--- SOURCE MATERIAL Enclosed Below ---

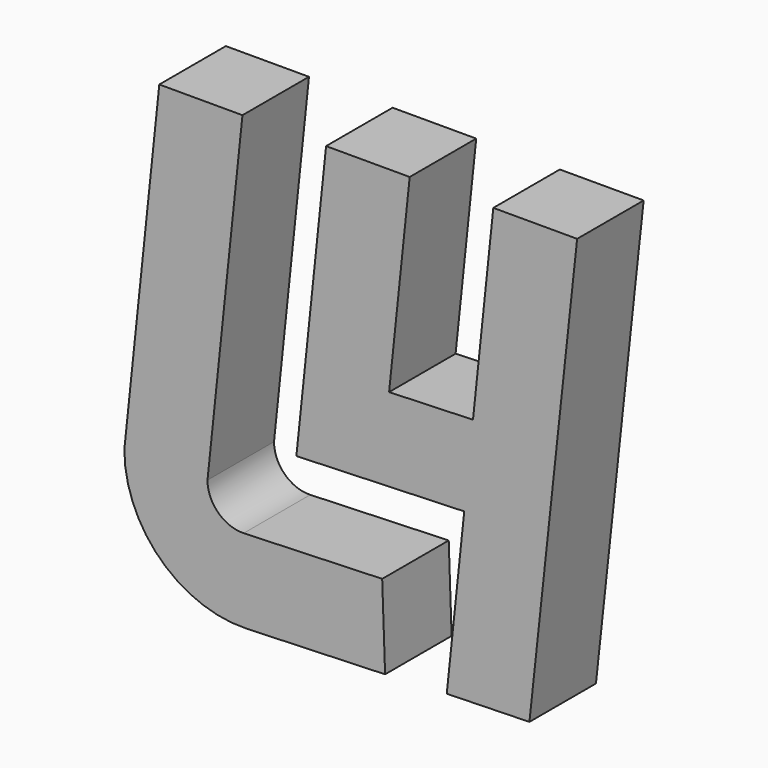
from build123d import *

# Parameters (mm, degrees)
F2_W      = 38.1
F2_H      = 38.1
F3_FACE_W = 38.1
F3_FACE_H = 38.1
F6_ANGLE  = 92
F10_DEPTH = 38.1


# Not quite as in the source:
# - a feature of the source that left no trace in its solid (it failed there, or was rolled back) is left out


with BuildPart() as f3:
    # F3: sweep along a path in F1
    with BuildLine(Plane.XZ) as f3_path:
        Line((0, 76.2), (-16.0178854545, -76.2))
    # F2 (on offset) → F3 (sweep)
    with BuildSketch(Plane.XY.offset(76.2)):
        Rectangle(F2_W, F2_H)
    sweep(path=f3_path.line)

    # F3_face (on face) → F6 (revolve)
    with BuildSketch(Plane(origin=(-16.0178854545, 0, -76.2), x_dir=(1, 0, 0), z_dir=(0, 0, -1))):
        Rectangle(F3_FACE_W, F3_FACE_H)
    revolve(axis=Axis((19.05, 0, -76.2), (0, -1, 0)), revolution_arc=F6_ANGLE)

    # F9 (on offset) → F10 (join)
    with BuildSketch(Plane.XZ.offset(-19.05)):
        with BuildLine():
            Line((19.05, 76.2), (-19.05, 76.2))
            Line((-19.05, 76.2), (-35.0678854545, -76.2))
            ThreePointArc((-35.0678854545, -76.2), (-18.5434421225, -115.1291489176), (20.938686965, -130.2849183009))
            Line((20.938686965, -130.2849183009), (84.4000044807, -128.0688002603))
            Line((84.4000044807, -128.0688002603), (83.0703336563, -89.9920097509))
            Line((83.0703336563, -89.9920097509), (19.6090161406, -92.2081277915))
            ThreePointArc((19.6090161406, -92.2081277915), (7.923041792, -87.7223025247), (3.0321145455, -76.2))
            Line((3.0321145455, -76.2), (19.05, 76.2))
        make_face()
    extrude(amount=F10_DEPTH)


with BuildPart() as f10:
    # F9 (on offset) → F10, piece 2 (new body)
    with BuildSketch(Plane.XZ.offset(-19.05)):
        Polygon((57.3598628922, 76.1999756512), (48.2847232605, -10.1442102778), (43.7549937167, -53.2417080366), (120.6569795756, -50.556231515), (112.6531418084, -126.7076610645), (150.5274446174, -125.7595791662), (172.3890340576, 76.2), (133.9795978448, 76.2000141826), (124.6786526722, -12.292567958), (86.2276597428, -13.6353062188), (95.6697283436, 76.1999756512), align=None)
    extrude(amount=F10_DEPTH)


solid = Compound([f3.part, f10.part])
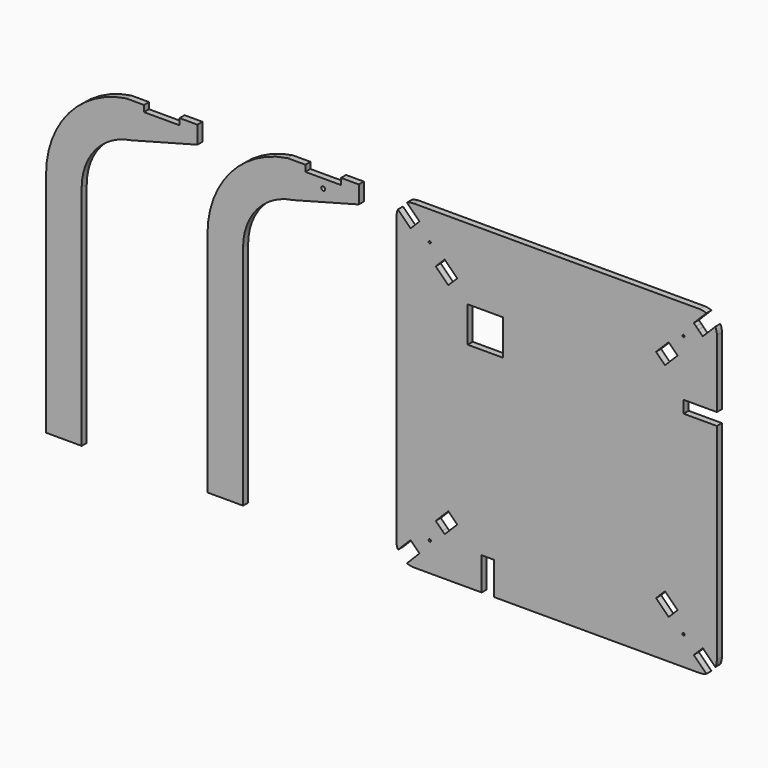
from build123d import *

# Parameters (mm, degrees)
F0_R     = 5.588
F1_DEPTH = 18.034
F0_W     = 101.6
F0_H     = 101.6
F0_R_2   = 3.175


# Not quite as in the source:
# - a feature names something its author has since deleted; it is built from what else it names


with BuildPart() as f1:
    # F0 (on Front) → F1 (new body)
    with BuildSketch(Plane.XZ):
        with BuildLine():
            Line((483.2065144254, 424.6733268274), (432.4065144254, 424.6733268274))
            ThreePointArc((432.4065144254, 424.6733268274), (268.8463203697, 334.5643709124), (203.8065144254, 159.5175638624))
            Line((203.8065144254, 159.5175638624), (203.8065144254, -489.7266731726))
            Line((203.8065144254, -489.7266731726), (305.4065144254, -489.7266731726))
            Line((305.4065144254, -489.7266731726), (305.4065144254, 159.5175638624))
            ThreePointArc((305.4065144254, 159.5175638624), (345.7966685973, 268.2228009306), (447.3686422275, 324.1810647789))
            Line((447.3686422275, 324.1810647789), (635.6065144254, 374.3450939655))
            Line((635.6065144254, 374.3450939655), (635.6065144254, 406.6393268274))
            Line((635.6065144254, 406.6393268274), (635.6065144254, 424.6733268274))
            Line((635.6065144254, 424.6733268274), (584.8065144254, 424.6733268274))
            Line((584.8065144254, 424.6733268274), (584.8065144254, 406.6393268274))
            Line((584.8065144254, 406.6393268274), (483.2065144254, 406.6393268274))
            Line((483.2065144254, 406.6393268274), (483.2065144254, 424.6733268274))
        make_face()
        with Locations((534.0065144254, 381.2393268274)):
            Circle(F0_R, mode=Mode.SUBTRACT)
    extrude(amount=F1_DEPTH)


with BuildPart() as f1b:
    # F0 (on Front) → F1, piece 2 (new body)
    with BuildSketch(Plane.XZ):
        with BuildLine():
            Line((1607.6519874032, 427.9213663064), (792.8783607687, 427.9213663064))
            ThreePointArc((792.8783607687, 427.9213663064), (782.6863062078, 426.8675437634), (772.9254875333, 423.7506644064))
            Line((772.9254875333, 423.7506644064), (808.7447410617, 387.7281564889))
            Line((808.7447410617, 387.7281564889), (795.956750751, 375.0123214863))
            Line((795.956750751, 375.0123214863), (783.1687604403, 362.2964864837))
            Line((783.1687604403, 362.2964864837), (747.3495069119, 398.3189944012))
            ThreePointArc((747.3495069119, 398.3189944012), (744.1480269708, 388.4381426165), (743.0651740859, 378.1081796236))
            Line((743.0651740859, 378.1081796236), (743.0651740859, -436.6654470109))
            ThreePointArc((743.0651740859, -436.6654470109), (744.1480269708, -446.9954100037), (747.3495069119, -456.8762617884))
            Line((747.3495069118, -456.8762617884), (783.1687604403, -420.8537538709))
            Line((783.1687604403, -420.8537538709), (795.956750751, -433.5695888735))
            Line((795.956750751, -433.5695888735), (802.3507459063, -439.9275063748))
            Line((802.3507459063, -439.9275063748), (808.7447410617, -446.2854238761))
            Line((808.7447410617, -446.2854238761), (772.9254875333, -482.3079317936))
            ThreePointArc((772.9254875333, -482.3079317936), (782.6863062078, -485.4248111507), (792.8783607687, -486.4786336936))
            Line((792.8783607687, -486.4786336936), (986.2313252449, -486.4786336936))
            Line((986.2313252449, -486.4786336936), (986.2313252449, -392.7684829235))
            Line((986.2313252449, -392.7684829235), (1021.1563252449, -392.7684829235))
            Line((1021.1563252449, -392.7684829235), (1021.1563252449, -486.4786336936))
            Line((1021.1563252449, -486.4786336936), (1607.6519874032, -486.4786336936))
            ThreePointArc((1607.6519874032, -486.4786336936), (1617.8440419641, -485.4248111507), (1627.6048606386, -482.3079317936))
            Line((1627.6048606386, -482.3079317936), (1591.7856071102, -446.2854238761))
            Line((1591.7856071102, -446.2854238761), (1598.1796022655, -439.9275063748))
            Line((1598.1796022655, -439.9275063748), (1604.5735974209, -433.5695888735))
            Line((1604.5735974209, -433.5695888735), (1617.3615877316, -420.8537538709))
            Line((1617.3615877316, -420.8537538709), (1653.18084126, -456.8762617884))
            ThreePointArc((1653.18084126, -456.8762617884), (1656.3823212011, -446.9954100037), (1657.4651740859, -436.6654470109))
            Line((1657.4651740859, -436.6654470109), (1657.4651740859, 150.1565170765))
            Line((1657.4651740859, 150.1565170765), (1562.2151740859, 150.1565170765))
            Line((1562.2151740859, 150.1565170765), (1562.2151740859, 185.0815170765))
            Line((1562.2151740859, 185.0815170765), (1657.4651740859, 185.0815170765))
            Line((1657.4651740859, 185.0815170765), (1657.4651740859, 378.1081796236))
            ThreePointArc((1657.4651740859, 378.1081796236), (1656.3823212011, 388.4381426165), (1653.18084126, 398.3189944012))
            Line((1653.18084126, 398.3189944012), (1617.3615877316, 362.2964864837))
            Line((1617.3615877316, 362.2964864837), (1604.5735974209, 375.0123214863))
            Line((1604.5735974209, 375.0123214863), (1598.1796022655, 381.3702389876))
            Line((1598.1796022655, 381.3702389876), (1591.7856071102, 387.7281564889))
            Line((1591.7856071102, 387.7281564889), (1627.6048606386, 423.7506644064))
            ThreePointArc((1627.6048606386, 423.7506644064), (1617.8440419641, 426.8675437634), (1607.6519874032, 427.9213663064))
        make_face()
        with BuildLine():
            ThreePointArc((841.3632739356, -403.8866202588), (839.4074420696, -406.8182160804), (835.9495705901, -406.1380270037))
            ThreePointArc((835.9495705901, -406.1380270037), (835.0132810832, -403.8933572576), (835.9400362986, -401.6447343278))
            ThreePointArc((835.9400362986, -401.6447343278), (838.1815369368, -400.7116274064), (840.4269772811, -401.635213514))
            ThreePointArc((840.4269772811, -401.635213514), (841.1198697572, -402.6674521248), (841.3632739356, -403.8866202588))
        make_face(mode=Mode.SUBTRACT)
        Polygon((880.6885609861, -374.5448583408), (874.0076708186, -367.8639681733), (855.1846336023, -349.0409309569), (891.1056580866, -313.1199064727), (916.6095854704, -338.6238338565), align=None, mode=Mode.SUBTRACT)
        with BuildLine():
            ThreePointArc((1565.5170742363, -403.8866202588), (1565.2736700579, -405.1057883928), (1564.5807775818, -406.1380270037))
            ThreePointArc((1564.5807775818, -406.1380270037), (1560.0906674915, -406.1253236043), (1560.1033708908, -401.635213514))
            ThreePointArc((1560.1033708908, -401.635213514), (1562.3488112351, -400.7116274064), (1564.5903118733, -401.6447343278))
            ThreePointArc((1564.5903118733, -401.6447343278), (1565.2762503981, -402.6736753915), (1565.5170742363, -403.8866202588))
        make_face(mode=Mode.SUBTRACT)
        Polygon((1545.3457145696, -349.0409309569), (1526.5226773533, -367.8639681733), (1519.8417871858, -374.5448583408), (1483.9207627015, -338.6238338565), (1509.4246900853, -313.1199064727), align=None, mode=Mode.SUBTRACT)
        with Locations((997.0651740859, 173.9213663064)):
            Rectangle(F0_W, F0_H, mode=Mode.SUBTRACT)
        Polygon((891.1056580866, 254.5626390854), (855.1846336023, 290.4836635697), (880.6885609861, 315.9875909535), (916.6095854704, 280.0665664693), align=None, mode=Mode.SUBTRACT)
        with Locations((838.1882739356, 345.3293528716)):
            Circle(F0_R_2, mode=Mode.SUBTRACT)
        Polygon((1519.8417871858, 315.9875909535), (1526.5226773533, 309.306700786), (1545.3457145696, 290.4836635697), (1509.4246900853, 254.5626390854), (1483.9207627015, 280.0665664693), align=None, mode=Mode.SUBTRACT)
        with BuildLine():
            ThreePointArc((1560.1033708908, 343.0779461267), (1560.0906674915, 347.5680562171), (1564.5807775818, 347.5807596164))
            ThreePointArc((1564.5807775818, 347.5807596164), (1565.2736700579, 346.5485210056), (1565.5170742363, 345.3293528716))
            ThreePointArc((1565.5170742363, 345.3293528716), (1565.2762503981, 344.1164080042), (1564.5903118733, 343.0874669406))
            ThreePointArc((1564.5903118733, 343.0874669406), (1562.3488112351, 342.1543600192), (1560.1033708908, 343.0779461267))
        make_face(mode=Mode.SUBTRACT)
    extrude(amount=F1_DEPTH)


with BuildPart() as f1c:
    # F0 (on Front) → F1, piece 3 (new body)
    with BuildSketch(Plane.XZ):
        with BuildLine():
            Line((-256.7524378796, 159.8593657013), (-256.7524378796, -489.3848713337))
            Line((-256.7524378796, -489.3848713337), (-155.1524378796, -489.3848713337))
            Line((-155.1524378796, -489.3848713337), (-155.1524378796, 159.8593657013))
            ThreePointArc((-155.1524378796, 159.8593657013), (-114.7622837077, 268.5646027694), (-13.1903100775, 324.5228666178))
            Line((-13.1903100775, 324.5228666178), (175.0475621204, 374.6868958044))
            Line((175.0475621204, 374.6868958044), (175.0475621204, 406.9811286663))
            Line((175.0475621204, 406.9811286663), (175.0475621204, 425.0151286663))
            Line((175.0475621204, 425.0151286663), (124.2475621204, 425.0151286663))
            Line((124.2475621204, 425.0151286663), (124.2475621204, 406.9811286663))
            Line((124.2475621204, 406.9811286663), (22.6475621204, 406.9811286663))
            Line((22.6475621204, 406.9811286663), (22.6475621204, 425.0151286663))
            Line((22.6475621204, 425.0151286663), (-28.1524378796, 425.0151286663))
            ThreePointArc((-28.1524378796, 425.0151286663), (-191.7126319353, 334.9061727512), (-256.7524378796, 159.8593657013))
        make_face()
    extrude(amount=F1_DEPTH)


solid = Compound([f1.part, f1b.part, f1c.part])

--- End of Enclosed SOURCE MATERIAL ---

## TASK DESCRIPTION
From the records above, repeat exactly the lines from the one with "375.0123214863), (1598.1796022655, 381.3702389876))" through the one with "-313.1199064727), align=None, mode=Mode.SUBTRACT)", both included.

## RESULT
            Line((1604.5735974209, 375.0123214863), (1598.1796022655, 381.3702389876))
            Line((1598.1796022655, 381.3702389876), (1591.7856071102, 387.7281564889))
            Line((1591.7856071102, 387.7281564889), (1627.6048606386, 423.7506644064))
            ThreePointArc((1627.6048606386, 423.7506644064), (1617.8440419641, 426.8675437634), (1607.6519874032, 427.9213663064))
        make_face()
        with BuildLine():
            ThreePointArc((841.3632739356, -403.8866202588), (839.4074420696, -406.8182160804), (835.9495705901, -406.1380270037))
            ThreePointArc((835.9495705901, -406.1380270037), (835.0132810832, -403.8933572576), (835.9400362986, -401.6447343278))
            ThreePointArc((835.9400362986, -401.6447343278), (838.1815369368, -400.7116274064), (840.4269772811, -401.635213514))
            ThreePointArc((840.4269772811, -401.635213514), (841.1198697572, -402.6674521248), (841.3632739356, -403.8866202588))
        make_face(mode=Mode.SUBTRACT)
        Polygon((880.6885609861, -374.5448583408), (874.0076708186, -367.8639681733), (855.1846336023, -349.0409309569), (891.1056580866, -313.1199064727), (916.6095854704, -338.6238338565), align=None, mode=Mode.SUBTRACT)
        with BuildLine():
            ThreePointArc((1565.5170742363, -403.8866202588), (1565.2736700579, -405.1057883928), (1564.5807775818, -406.1380270037))
            ThreePointArc((1564.5807775818, -406.1380270037), (1560.0906674915, -406.1253236043), (1560.1033708908, -401.635213514))
            ThreePointArc((1560.1033708908, -401.635213514), (1562.3488112351, -400.7116274064), (1564.5903118733, -401.6447343278))
            ThreePointArc((1564.5903118733, -401.6447343278), (1565.2762503981, -402.6736753915), (1565.5170742363, -403.8866202588))
        make_face(mode=Mode.SUBTRACT)
        Polygon((1545.3457145696, -349.0409309569), (1526.5226773533, -367.8639681733), (1519.8417871858, -374.5448583408), (1483.9207627015, -338.6238338565), (1509.4246900853, -313.1199064727), align=None, mode=Mode.SUBTRACT)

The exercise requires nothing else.